Dataset content START

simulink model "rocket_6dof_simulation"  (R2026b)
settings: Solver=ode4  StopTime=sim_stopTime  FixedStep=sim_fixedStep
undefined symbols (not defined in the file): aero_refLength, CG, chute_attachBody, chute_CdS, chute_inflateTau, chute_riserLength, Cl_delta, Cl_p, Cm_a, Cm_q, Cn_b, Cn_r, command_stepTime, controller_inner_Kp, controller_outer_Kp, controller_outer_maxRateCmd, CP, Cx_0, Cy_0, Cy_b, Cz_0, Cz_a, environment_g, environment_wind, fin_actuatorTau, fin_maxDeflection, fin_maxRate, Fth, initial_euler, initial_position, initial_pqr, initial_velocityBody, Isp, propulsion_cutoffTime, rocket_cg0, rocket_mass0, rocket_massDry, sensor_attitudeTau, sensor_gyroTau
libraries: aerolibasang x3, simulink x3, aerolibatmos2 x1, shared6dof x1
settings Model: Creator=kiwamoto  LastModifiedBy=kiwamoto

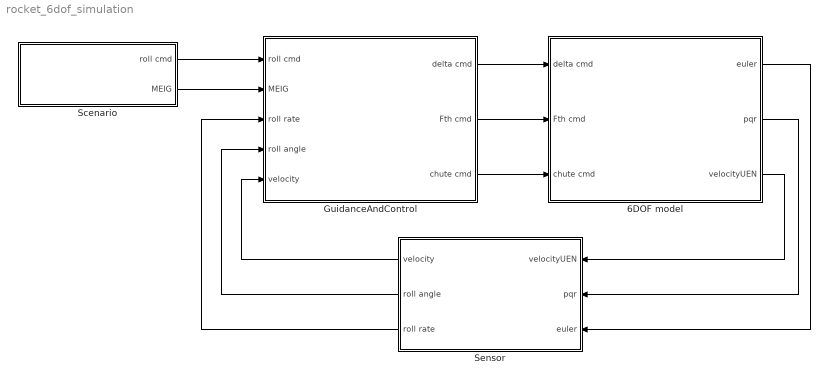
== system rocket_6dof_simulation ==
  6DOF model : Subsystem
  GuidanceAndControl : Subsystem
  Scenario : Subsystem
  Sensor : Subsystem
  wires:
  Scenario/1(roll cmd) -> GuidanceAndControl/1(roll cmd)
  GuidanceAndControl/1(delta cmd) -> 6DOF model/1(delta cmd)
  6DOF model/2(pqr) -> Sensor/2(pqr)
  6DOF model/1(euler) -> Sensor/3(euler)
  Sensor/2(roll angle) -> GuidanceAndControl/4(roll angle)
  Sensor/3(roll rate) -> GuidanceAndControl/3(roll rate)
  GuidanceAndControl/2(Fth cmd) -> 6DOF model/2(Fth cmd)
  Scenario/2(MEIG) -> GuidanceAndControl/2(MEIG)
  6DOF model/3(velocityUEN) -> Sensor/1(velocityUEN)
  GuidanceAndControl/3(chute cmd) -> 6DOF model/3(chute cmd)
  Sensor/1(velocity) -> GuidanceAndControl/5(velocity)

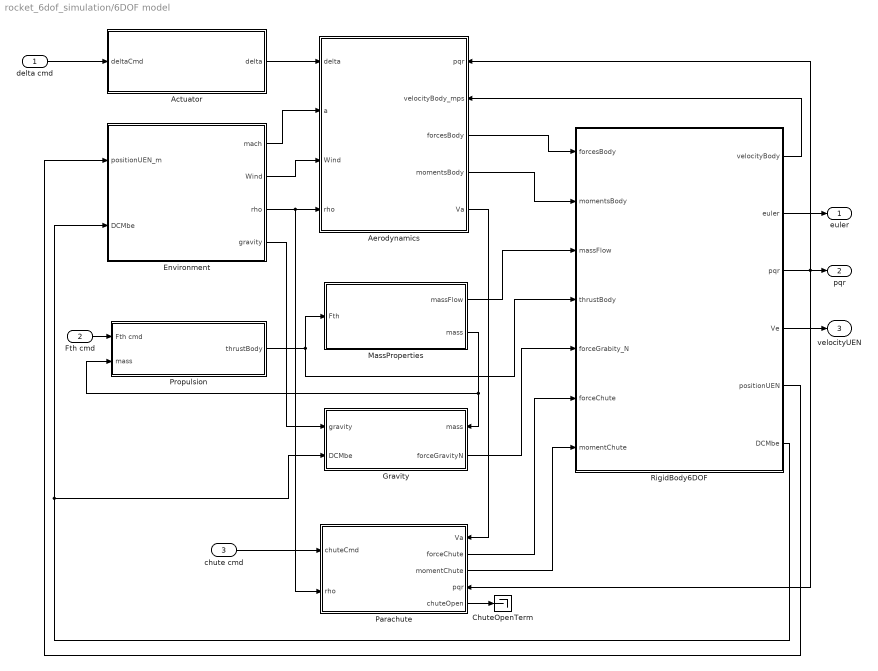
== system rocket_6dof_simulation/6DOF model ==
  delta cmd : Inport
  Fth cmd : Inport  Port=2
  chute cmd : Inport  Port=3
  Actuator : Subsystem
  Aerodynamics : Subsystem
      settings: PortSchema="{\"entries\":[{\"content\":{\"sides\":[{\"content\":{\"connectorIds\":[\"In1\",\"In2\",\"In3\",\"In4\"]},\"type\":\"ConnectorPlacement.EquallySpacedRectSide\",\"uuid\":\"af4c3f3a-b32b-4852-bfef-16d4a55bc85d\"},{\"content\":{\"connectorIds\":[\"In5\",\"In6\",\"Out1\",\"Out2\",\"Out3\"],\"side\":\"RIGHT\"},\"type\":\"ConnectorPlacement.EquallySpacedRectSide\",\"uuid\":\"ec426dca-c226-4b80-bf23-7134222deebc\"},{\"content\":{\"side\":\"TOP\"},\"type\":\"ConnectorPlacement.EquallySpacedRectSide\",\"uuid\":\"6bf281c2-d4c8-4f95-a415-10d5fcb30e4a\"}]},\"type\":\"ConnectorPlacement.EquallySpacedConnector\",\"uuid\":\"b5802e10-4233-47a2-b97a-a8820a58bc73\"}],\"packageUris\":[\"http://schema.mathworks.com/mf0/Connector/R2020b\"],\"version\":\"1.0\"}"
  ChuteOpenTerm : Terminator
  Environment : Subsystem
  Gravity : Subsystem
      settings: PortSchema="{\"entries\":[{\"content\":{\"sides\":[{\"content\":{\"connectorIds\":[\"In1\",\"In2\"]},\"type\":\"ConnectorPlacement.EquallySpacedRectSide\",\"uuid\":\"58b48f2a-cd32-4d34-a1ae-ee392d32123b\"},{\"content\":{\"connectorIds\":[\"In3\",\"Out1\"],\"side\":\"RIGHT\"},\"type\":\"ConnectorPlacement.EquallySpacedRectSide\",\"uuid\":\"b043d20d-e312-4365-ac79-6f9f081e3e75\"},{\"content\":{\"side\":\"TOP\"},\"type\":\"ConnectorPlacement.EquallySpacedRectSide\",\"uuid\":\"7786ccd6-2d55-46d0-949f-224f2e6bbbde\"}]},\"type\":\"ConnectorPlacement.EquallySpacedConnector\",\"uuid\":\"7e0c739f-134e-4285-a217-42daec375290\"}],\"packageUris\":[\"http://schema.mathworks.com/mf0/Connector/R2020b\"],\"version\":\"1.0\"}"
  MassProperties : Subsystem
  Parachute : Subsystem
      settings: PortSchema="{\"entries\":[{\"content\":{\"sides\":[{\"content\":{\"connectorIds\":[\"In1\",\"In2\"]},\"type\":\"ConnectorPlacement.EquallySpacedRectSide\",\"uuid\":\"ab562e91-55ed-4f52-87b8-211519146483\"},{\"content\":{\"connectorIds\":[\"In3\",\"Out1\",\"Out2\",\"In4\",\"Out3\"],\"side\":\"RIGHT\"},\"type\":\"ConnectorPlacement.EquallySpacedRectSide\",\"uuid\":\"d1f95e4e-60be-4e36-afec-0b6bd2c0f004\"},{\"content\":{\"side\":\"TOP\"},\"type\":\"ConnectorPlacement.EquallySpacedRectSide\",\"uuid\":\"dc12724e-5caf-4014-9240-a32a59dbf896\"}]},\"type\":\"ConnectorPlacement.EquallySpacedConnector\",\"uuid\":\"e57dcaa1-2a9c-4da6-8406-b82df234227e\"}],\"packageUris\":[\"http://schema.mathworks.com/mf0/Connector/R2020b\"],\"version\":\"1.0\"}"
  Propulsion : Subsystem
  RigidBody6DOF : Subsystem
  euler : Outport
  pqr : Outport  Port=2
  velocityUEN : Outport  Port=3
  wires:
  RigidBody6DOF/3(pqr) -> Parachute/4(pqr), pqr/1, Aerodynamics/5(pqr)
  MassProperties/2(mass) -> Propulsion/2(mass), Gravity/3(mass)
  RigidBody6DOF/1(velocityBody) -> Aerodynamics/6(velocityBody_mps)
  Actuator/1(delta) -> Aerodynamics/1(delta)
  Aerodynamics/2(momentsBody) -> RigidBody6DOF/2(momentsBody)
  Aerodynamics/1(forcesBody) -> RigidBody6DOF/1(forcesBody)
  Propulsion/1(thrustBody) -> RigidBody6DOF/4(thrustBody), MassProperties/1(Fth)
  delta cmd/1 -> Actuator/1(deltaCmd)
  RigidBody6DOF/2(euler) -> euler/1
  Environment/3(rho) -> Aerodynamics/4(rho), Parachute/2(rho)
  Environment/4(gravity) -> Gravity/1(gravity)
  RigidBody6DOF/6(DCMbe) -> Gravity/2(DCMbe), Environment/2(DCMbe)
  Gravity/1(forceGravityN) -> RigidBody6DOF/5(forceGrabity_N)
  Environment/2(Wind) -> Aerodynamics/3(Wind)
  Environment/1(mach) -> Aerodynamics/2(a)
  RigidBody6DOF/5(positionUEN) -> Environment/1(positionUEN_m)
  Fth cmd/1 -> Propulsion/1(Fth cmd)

Dataset content END

Goal of the exercise:
What lines above hold the word "velocityUEN"? List them all.

Response below:
  6DOF model/3(velocityUEN) -> Sensor/1(velocityUEN)
  velocityUEN : Outport  Port=3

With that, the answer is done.